Когда я замечаю, что солнце уходит, осознаю, что не видела Хардина уже несколько часов. Надеюсь, они с Кеном еще живы.
– Думаю, на сегодня достаточно, – говорит Карен, вытирая лицо.
Мы обе перепачканы грязью.
– Думаю, пора проверить Хардина, – говорю я, и она смеется.
– Для нас, особенно для Кена, очень много значит, что Хардин стал приходить чаще. И мы знаем, что именно тебе мы должны быть за это благодарны. Надеюсь, вы преодолели ваши разногласия?
– Вроде того… думаю, да, – усмехаюсь я. – Мы еще очень разные.
Если бы она знала!
Она понимающе улыбается.
– Ну, быть разными иногда необходимо. Хорошо, когда есть о чем поспорить.
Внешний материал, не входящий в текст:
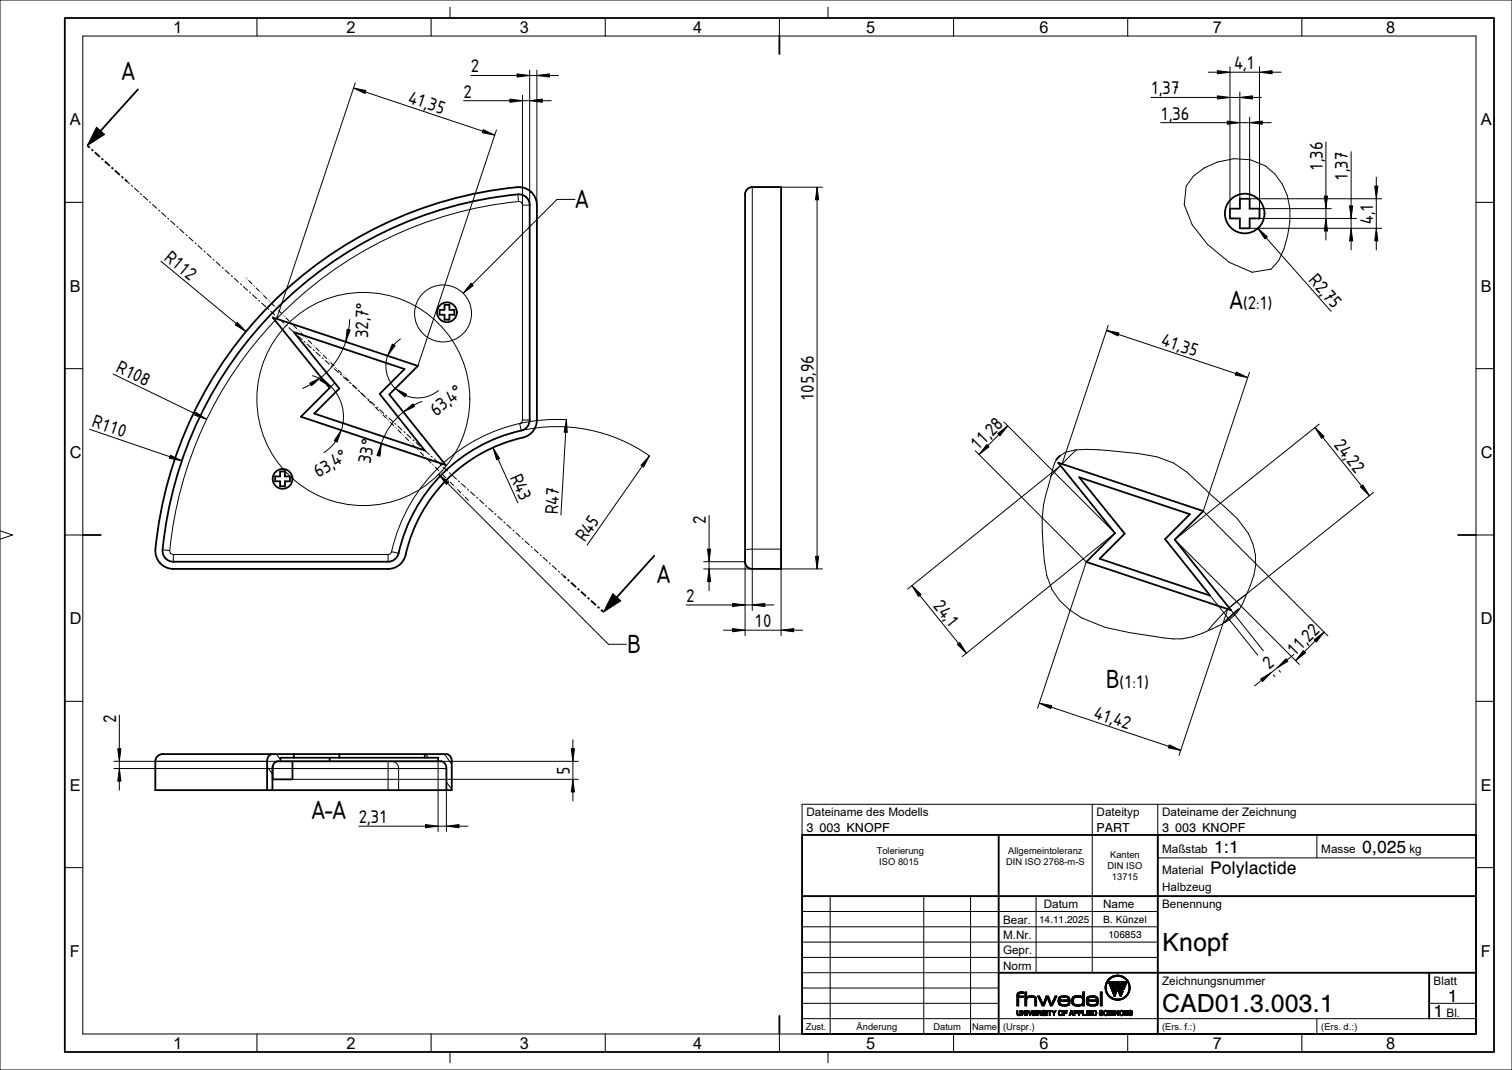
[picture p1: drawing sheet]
<svg xmlns="http://www.w3.org/2000/svg" width="420mm" height="297mm" viewBox="0 0 420 297" stroke-linecap="round" stroke-linejoin="round" font-family="sans-serif">
<g fill="none" stroke="#000" stroke-width=".28">
<path d="M0 0h420v297h-420zM23 10h387v277h-387zM71.4 5v5M119.8 5v5M125 2v3M147.1 19.5v37.4h-2l-.3-.7-.8-.3M149.1 19.5v37.4M168.1 5v5M216.5 5v5M230 2v3M264.9 5v5M313.3 5v5"/>
<path d="M338.2 19.6l3.5 .4-3.5 .5zM341.7 18.5v39.4M349.9 18.5v39.4h19.9M361.6 5v5M26.8 35.3l2.2 2-4.7 3.1zM98.2 24.4l3.5 .7-.3 .9zM98.7 23l-21.8 65.5a108 108 0 0 1 67.1-32.6M101.5 25.5l32.6 10.9M128.8 28h12.8M130.8 21h12.8M134.2 36l3.2 1.5-3.4-.7zM137.9 36.1l-21.8 65.5"/>
<path d="M141.6 27.5l3.5 .5-3.5 .4zM143.6 20.5l3.5 .5-3.5 .4zM145.1 26.5v90.1M145.1 28h2M147.1 28l3.5-.5v.9zM147.1 21h2M149.1 21l3.5-.5v.9zM150.6 28h2.5M152.6 21h2.5M319.7 27h18.5M322.4 34h18.5M335.7 20h2.5"/>
<path d="M338.2 26.6l3.5 .4-3.5 .5zM340.9 33.6l3.5 .4-3.5 .5zM341.7 27h2.7M341.7 20h8.2M344.4 27l3.5-.4v.9zM344.4 25.5v32.4M344.4 34h2.7M347.1 34l3.5-.4v.9zM347.1 32.5v22.7h36.7M347.9 27h2.5M349.9 20l3.5-.4v.9zM350.6 34h2.5"/>
<path d="M353.4 20h2.5M368.3 39.4v15M18 56.2h5M35.4 50.4l.6 .6M36.4 51.4l.5 .4M37.3 52.2l1.2 1.1M39 53.7l.4 .4M39.8 54.4l1.3 1.2M41.5 56l.4 .3M42.3 56.7l1.3 1.2M44 58.2l.4 .4M44.8 59l1.3 1.1"/>
<path d="M143.8 53.9l.2 2M159.7 55.4h-5l-23.6 23.5M209 52a2 2 0 0 0-2 1.9M209 51.9v117.5M209 52h19.5M227 52l.4 3.5h-.9zM227 55.5v98.9M331.5 48.9a18.5 18.5 0 0 1 15.8-4.6 14.7 14.7 0 0 1 11 13.6 28.7 28.7 0 0 1-3.1 14.5l-2.1 2.3-5.3 .9-6.3-2.8-6.1-5-4.2-5.4-2.3-5.6 .6-5.1zM367.9 54.4h.8l-.4 3.5zM368.3 57.9v2.7M374.9 57.1h.8l-.4 3.5zM375.3 42.1v15"/>
<path d="M381.9 51.7h.8l-.4 3.5zM382.3 49.2v2.5M382.3 55.2v8.2M410 56.2h5M44.7 72.5l20.9 17.3M46.5 60.5l.5 .4M47.4 61.3l1.2 1.1M49.1 62.8l.4 .4M49.9 63.6l1.3 1.1M51.6 65.1l.4 .3M52.4 65.8l1.3 1.2M54.1 67.3l.4 .4"/>
<path d="M54.9 68.1l1.3 1.1M56.6 69.6l.4 .4M57.5 70.4l1.2 1.1M59.1 71.9l.5 .4M60 72.7l1.3 1.1M61.7 74.2l.4 .4M62.5 74.9l1.3 1.2M64.2 76.5l.4 .3M65 77.2l1.3 1.2M66.7 78.7l.4 .4M67.6 79.5l1.2 1.1M130.8 78.6l.7 .6-2.8 2.2z"/>
<path d="M347.1 63.4h36.7M347.1 60.6h29.7M349.4 63.4l2.6 2.3-.6 .6zM351.7 66l18.1 20.4M368.3 60.6l.4 3.5h-.8zM368.3 64.1v2.5M375.3 63.4l.4 3.5h-.8zM375.3 60.6v2.8M375.3 66.9v2.5M382.3 63.4l.4 3.5h-.8zM382.3 66.9v2.5M65.9 89.5l2.4 2.5-3-1.8z"/>
<path d="M69.2 81l.5 .4M70.1 81.8l1.2 1.1M71.8 83.3l.4 .4M72.6 84.1l1.3 1.1M74.3 85.6l.4 .4M75.1 86.3l1.3 1.2M76.4 88.9a108 108 0 0 0-29.2 63.9M76.8 87.9l.4 .3M77.7 88.6l1.2 1.2M79.3 90.1l.5 .4M80.2 90.9l1.2 1.1M81.9 92.4l.4 .4"/>
<path d="M82.7 93.2l1.3 1.1M84.4 94.7l.4 .4M85.2 95.4l1.3 1.2M86.9 97l.4 .3M87.7 97.7l1.3 1.2M89.4 99.2l.5 .4M96 94.9a21.4 21.4 0 0 1-6.8 9.8M96.4 91.4l.9 .2-1.3 3.3zM97.1 88.7l-.2 2.8M107.6 98.8a8.9 8.9 0 0 0 2.2 9.1M109 95.5l.8 .4-2.2 2.9zM111.2 94.1l-1.8 1.6"/>
<path d="M307.4 91.7l3.4 .7-.2 .8zM307.8 90.3l-12.8 38.5 4.1-4M310.7 92.8l32.6 10.9M18 102.3h5M24.9 119.2l22.3 7.6M31.4 103.8l22.9 11.1M54.5 114.5l2.9 1.9-3.3-1.1zM86 106.4l3.2-1.7-2.7 2.4zM86.3 106.7l-2.2 1.1M86.8 104.3l2.3 .9M89.4 104.9l2.6 2.4-3.1-1.7zM90.3 100l1.2 1.1"/>
<path d="M92 107.3a11.8 11.8 0 0 1 2.8 12.1M92 101.5l.4 .4M92.8 102.3l1.3 1.1M93 106.2l-1.4 1.5M94.5 103.8l.4 .4M94.8 119.4l-1.2 3.3-.8-.4zM95.3 104.6l1.3 1.1M97 106.1l.4 .4M97.8 106.8l1.3 1.2M99.5 108.4l.4 .3M100.4 109.1l1.2 1.2M102.1 110.6l.4 .4"/>
<path d="M102.9 111.4l1.3 1.1M104.6 112.9l.4 .4M105.4 113.7l1.3 1.1M107.1 115.2l.4 .4M107.9 116l1.3 1.1M109.6 117.5l.4 .4M109.8 107.9l3.1 1.5-.4 .8zM110.5 118.2l1.2 1.2M112 114.4l2.7-2.3 .5 .7zM112 114.4a18.8 18.8 0 0 0-6.1 8.7M112.1 119.8l.5 .3M117.2 111.4l-2.2 1"/>
<path d="M121.8 108.4a8.9 8.9 0 0 1-9.1 1.4M144.4 117.6l.4 1.9a45 45 0 0 1 35.6 7M144.4 117.6a47 47 0 0 0-21.1 10.8M145.1 116.6a1 1 0 0 1-.7 1M145.1 116.6h2M157.1 120l-1.3 22.9M157.3 116.5l.3 3.5h-.9zM157.3 116.5a47 47 0 0 0-12.9 1.1M278.9 117.1l30.8 30.9-42.4 34.3M343.4 103.3l3.2 1.5-3.5-.7zM347.1 103.4l-12.9 38.5 34.7 34.6M365.3 118.7l2.5 2.4-.7 .6z"/>
<path d="M366.5 117.7l-40.2 32.1 34.6 34.6M410 102.3h5M47.4 126.4l3.1 1.5-3.4-.7zM93.2 122.5l-1.7 2-1.6 1.1M105.9 123.1l-.3 3.5-.9-.2zM113 120.5l1.2 1.1M114.7 122l.4 .4M115.5 122.8l1.3 1.1M117.2 124.3l.4 .4M118 125.1l1.3 1.1M119.7 126.6l.4 .4M120.6 127.3l1.2 1.2"/>
<path d="M121.8 131.7l2.8 2.1-.6 .7zM122.2 128.9l.5 .3M122.9 128.8a47 47 0 0 0-14.1 24.3M123.1 129.6l1.2 1.2M124.3 134.1l44.7 44.7h5M124.8 131.1l.4 .4M125.6 131.9l1.3 1.1M127.3 133.4l.4 .4M128.1 134.2l1.3 1.1M129.8 135.7l.4 .4M130.7 136.5l1.2 1.1M132.3 138l.5 .4"/>
<path d="M133.2 138.7l1.2 1.2M136.9 124.2l1.9 3-.8 .4zM138.4 127.4l5.4 12.1M178.4 129.4l-15.3 21.9M180.4 126.5l-1.6 3.2-.8-.5zM270.9 125.1l30.9 30.9-13.6 40.6M274.1 123.4l.6 .6-2.7 2.2zM277.1 120.4l2.8-2.2-2.1 2.8zM277.5 120.7l-3.1 3M291.8 132.3l2.8-3.1-42.5 34.3M293.9 126.9l2.1-1.4a32.4 32.4 0 0 1 12.1-.4l8.1 .8a23.3 23.3 0 0 1 16.7 8.1l10.9 10a16.1 16.1 0 0 1 3.5 18.5 33.4 33.4 0 0 1-3.7 7.6 26.5 26.5 0 0 1-9.7 5.7 17.2 17.2 0 0 1-10.6 1.3l-9.6-1.5-6.8-1.5-6.4-2.6a18.6 18.6 0 0 1-10.4-15.9 67.9 67.9 0 0 1-.2-15.5l2.5-9.8 .6-1.8zM367.5 121.4l10.7 13.5"/>
<path d="M377.9 135.1l.7-.5 1.8 3zM381.6 136.7l-40.2 32M0 147.3l3.5 1.2-3.5 1.2M18 148.5h5M45.2 152.6l2 .2M47.2 152.8l.2 .8 .7 .3M48.1 153.9v2M48.1 153.9h59.7M107.8 153.9v2M108.8 153.1a1 1 0 0 1-1 .8M108.8 153.1l1.9 .5M134.9 140.3l.4 .3"/>
<path d="M135.7 141l1.3 1.2M137.4 142.5l.4 .4M138.2 143.3l1.3 1.1M139.9 144.8l.4 .4M140.7 145.6l1.3 1.1M142.4 147.1l.4 .4M143.3 147.9l1.2 1.1M145 149.4l.4 .3M145.8 150.1l1.3 1.2M147.5 151.6l.4 .4M148.3 152.4l1.3 1.1M150 153.9l.4 .4"/>
<path d="M150.8 154.7l1.3 1.1M152.5 156.2l.4 .4M153.4 157l1.2 1.1M155 158.5l.5 .4M155.9 159.2l.6 .6M195.5 157.9h13.5M195.5 155.9h11.5M196.5 152.4h.9l-.4 3.5zM197 157.9l.4 3.5h-.9zM197 143.1v9.3M197 155.9v2M217 157.9h11.5"/>
<path d="M226.5 154.4h.9l-.4 3.5zM410 148.5h5M170.2 164.8l2.3 2-4.8 3.1zM190.6 167.9h12.9M197 161.4v2.5M201 174.9h2.5M203.5 174.5l3.5 .4-3.5 .5zM203.5 167.5l3.5 .4-3.5 .5zM207 176.4v-23.8l2-.2h8v24M207 174.9h10M207 167.9h2M209 167.9l3.5-.4v.9z"/>
<path d="M212.5 167.9h2.5M217 174.9l3.5-.4v.9zM220.5 174.9h2.5M253.3 162.6l2.5 2.4-.6 .6zM255.5 165.3l10.7 13.3M265.9 178.9l.7-.6 1.8 3zM335.6 175l2.3-2.7 3.1-3.2-13.5 40.6M336.2 165.3l13.2 16.6M341.4 168.7l9.5 11.9M346.3 164.9l-4.9 3.8M365 177.6l2.8-2.2-2.2 2.8zM365.3 177.9l-2.9 3"/>
<path d="M18 194.7h5M33.1 198.5v9.3M288.7 195.2l3.4 .7-.2 .8zM292 196.3l32.7 10.9M350.2 188.5l3-1.9-2.5 2.6zM350.4 188.8l-1.9 1.6M353.7 187.3l.4 .5M354.7 185.4l-1.5 1.2M355.3 186.1l.4 .5M357.2 182.9l.5 .7-3 1.8zM359.4 181.6l-1.9 1.6M362 180.6l.7 .6-2.8 2.2z"/>
<path d="M410 194.7h5M31.6 213.3h92.4M31.6 211.3h129M32.7 207.8h.9l-.5 3.5zM33.1 213.3l.5 3.5h-.9zM33.1 211.3v2M33.1 216.8v2.5M45.2 209.3a2 2 0 0 0-2 2v8M74.2 212.8l1.5 2M76.8 209.3l1.1 1.6M81.2 216.3h79.4M107.8 211.3v8"/>
<path d="M108.8 211.3a1.98 1.98 0 0 1 1.9 2v6M118.2 209.3l.8 1M121.7 211.3v19.5M123.4 209.3l2.1 2.8M124 217.1l1.5 2M124 219.3v11.5M158.7 207.8h.9l-.5 3.5zM159.1 216.3l.5 3.5h-.9zM159.1 205.3v2.5M159.1 211.3v5M159.1 219.8v2.5M324.8 206.7l3.2 1.6-3.5-.7z"/>
<path d="M99.7 229.3h18.5M118.2 228.9l3.5 .4-3.5 .5zM121.7 229.3h2.3M124 229.3l3.5-.4v.9zM127.5 229.3h2.5M222.8 231.8h187.2M277.4 231.8v55.2M303.4 223.3v46.7M321.6 238.1h88.4M321.6 223.3v63.7M365.8 231.8v6.3M410 223.3h-187.2v63.7"/>
<path d="M18 240.8h5M222.8 248.8h187.2M222.8 253h98.8M222.8 257.3h98.8M230.6 248.8v38.2M256.6 248.8v38.2M269.6 248.8v38.2M287.8 248.8v21.2M410 240.8h5M222.8 261.5h98.8M222.8 265.8h98.8M222.8 270h187.2"/>
<path d="M222.8 274.3h54.6M222.8 278.5h54.6M282.5 276.3l.4-.1-.4 3zM282.5 276.1l.5-.1-.5 .3zM282.6 276l.4-.1zM282.6 275.9h.4zM282.6 275.9l.5-.1zM282.6 275.8h.6zM282.6 275.8l.7-.1zM282.6 275.7h1zM282.7 275.6l.5-.2h1v.3h-1.6zM282.7 275.6l.6-.2h.9v.3l-1 .1-.3 .4v.3h1.3v.4h-1.3v2.3h-.4v-3z"/>
<path d="M282.9 276.5h1.3v.4h-1.3v2.3h-.4zM283.4 275.4h.7zM284.7 275.4h.5v3.8h-.5zM284.7 275.4h.5v1.4l1.1-.3h.9l.5 .3 .2 .6v1.8h-.4l-.1-2.1-1.1-.3-1 .3-.1 2.1h-.5zM285.2 276.8h2.5zM285.2 276.8h2.5l.2 .6-.4 .1-.1-.4-.4-.2zM285.2 276.8l.4 .1-.4 .5zM285.2 276.8l.2-.2 2.3 .2zM285.4 276.6l.8-.1 1.3 .1zM286.2 276.5h.6zM287.5 277.5l.4-.1v1.8h-.4zM288.3 276.5h.4l1.3 2.7h-.5z"/>
<path d="M288.3 276.5h.4l1.1 2.3 .8-2.3h.6l.9 2.2 1-2.2h.4l-1.2 2.7h-.5l-.9-2.4-.9 2.4h-.5zM290.6 276.5h.6l.9 2.2 1.4-2.2-1.2 2.7h-.5l-.9-2.4-.9 2.4-.2-.4zM293.1 276.5h.4l-1.4 2.2zM293.9 277.7l2.9-.1 .4 .3-3.3 .1zM293.9 278l3.3-.1h-2.8v.2l-.4 .1zM294 277.5l.4-.1-.5 .3zM294 278.2l.4-.1v.2l-.4 .1zM294 278.4h.4zM294 278.5h.4zM294 277.2l.5-.1-.1 .3-.4 .1zM294 278.5l.5 .1zM294 277.1l.6-.1z"/>
<path d="M294.1 278.6h.4zM294.1 277h.5zM294.1 278.7h.5zM294.1 276.9h.7zM294.1 278.7h.6zM294.1 276.9h.9zM294.1 278.8h.7zM294.2 276.9l1.1-.1zM294.2 278.8h.9zM294.2 278.8l2.8 .1zM294.2 276.8l1-.3 1.6 .2 .3 .4 .1 .8h-2.8v.3l.2 .5 .8 .1h1l.4-.4h.4l-.2 .5-.9 .3-1.8-.2-.3-.9zM294.2 276.8l.6-.3h1.3l.6 .1 .3 .3z"/>
<path d="M294.3 278.9h2.7zM294.4 279h2.6zM294.4 279h2.5l-1 .2zM294.6 277l1.7-.1 .3 .2 .2 .5h-2.4zM295.3 276.8h.5zM295.5 276.5h.6zM296.1 278.8l.5-.1 .2-.3h.4l-.2 .5zM296.5 277l.5-.1 .2 .8-.4-.1zM297.8 278.2l.4-.1v.3h-.4zM297.8 277.6l.4-.1v.6l-.4 .1zM297.8 277.5l.4-.1zM297.8 278.4l.5 .1z"/>
<path d="M297.8 277.3h.4zM297.8 277.2h.5zM297.8 278.6h.5zM297.8 277.1h.5zM297.9 277h.5zM297.9 278.7h.5zM297.9 276.9h.6zM297.9 278.7h.6zM297.9 276.9h.8zM297.9 278.8h.7zM298 278.8h.8zM298 276.8h1z"/>
<path d="M298 276.8h1.2zM298 278.9h1.2zM298 278.9l2.8-.1-.4 .3h-2zM298 276.8l.6-.3h1.5l.7 .3v-1.4h.4v3.8h-.4v-.4l-1 .4-1.7-.2-.3-.9zM298 276.8l.3-.2h2.1l.4 .2 .4-1.4-.5 1.9-.5-.4zM298.3 276.6h2.1zM298.4 277l.7-.2 1.4 .2 .3 .6-.2 1-.6 .2-1.6-.1-.2-.6zM298.4 279.1h2zM298.6 276.5h1.6zM298.7 276.5h1.4zM298.9 279.2h1.1zM299.2 276.8h.6z"/>
<path d="M300.8 275.4h.4l-.4 1.4zM301.2 275.4v3.8h-.4v-.4h-1.4h.9l.3-.3zM301.2 275.4l-.5 2.7v-.8zM301.8 277.7l2.8-.1 .4 .3-3.2 .1zM301.8 278l3.2-.1h-2.8v.2l-.4 .1zM301.8 277.5l.4-.1-.4 .3zM301.8 278.2l.4-.1v.2l-.4 .1zM301.8 278.4h.5zM301.8 278.5h.5zM301.8 277.2l.5-.1-.1 .3-.4 .1zM301.9 278.5l.4 .1zM301.9 277.1l.5-.1z"/>
<path d="M301.9 278.6h.5zM301.9 277h.6zM301.9 278.7h.6zM301.9 276.9h.8zM302 276.9h.9zM302 278.8h.7zM302 276.9l1.2-.1zM302 278.8h.9zM302 278.8l2.9 .1zM302.1 276.8l.9-.3 1.6 .2 .4 .4v.8h-2.8v.3l.3 .5 .8 .1h1l.3-.4h.4l-.1 .5-1 .3-1.7-.2-.4-.9zM302.1 276.8l.5-.3h1.3l.6 .1 .4 .3zM302.1 278.9h2.8z"/>
<path d="M302.2 279h2.6zM302.3 279h2.4l-1 .2zM302.4 277l1.7-.1 .4 .2 .1 .5h-2.4zM303.2 276.8h.5zM303.3 276.5h.6zM303.9 278.8l.5-.1 .2-.3h.4l-.1 .5zM304.3 277l.6-.1 .1 .8-.4-.1zM305.7 275.4h.4v3.8h-.4zM307 274l.3-.1v.9l-.2 .1zM307.1 274.9l.2-.1 .3 .8-.2 .1zM307.2 273.1l.3-.1-.2 .9-.3 .1zM307.4 275.7l.2-.1 .4 .6-.3 .1z"/>
<path d="M307.5 272.4l.4-.1-.4 .7-.3 .1zM307.7 276.3l.3-.1 .4 .4-.3 .1zM307.8 271.9l.5-.1-.4 .5-.4 .1zM307.9 272.5h3l.5 1.3-.2 2.6-1.5-3.5h-.4l.2 3.5zM308 271.7l.7-.2-.9 .4zM308.1 276.7l.3-.1 .4 .3-.3 .1zM308.2 271.5l.9-.2zM308.5 277l.6 .1zM308.5 271.3l.9-.1zM308.6 277.1l.8 .1zM308.7 271.2l.8-.1zM308.8 271.1l.9-.1z"/>
<path d="M308.8 277.2h.8zM308.9 271.1l1-.1zM308.9 277.3h.9zM309 271h1.4zM309 277.3h1zM309.1 271l1.7-.3 1.7 .7-1.6-.4zM309.1 277.4h2.6l-1.3 .2zM309.3 272.9l.3 .9h.3l.2 .3h-.4l-.2 2.3zM309.5 276.5h.2zM309.6 276.5h.1M309.7 274.1l.5 1.1-.5 1.3h-.2zM310.2 275.2h.1"/>
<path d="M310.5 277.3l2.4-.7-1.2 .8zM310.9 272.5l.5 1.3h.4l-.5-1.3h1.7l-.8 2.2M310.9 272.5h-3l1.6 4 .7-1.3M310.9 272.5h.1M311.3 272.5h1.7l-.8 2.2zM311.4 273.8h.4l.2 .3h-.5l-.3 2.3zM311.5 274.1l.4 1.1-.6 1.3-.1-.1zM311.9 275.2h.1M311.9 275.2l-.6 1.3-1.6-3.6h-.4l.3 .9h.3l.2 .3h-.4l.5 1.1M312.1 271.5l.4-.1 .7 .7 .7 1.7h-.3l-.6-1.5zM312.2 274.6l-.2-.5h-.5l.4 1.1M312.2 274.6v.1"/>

– Но он, безусловно, трудный.
Мы обе смеемся, и она обнимает меня.
– Ты милая девушка. Ты сделала для нас гораздо больше, чем ты думаешь.
Я чувствую, что у меня щиплет глаза, и киваю.
– Надеюсь, вы не возражаете, если я сегодня останусь. Хардин попросил меня, – говорю я, старательно избегая смотреть ей в глаза.
– Конечно, нет. Вы оба взрослые, и я верю, что ты предохраняешься.
О боже! Чувствую, что мои щеки краснее, чем луковицы, которые мы только что посадили.
– Мы… э… мы не… – заикаюсь я.
Зачем я говорю об этом с будущей мачехой Хардина? Я замолкаю.
– О… – так же неловко говорит она. – Пойдем внутрь.
Я иду за ней в дом. У двери снимаем грязную обувь. В гостиной Хардин сидит на краю дивана, а Кен – в кресле. Глаза Хардина немедленно встречаются с моими, и между нами пробегает искра.
– Пока ты приводишь себя в порядок, приготовлю, – говорит Карен.
Хардин встает и подходит ко мне. Он, кажется, рад, что ему больше не придется сидеть в комнате наедине с отцом.
– Мы скоро вернемся, – говорю я, поднимаясь вслед за ним по лестнице.
– Ну, как вы? – спрашиваю я, когда мы оказываемся в комнате.
Вместо ответа он обнимает меня и приближает губы к моим. Мы прислоняемся к двери, и он прижимается ко мне.
– Я скучал по тебе.
Во мне все тает.
– Правда?
– Да. Я провел несколько часов с отцом в неловком молчании, изредко обмениваясь еще более неловкими репликами ни о чем. Мне нужно развеяться.
Он проводит языком по моей нижней губе и утыкается носом мне в шею. Это что-то новенькое. Приятное, заводит и что-то новое.
Его руки спускаются по моему животу, останавливаясь на пуговице джинсов.
– Хардин, мне нужно принять душ. Я вся в грязи, – смеюсь я.
Он ведет языком вдоль моей шеи.
– Я люблю тебя любой, и чистой и грязной. – Он улыбается с теми же знакомыми ямочками.
Я аккуратно обхожу его, хватаю сумку и устремляюсь в ванную. Я задыхаюсь и путаюсь в одежде и вспоминаю о незакрытой двери, только почти раздевшись. Оборачиваюсь – и вижу ботинки Хардина.
– Можно присоединиться? – улыбается он и заходит в ванную прежде, чем я успеваю ответить.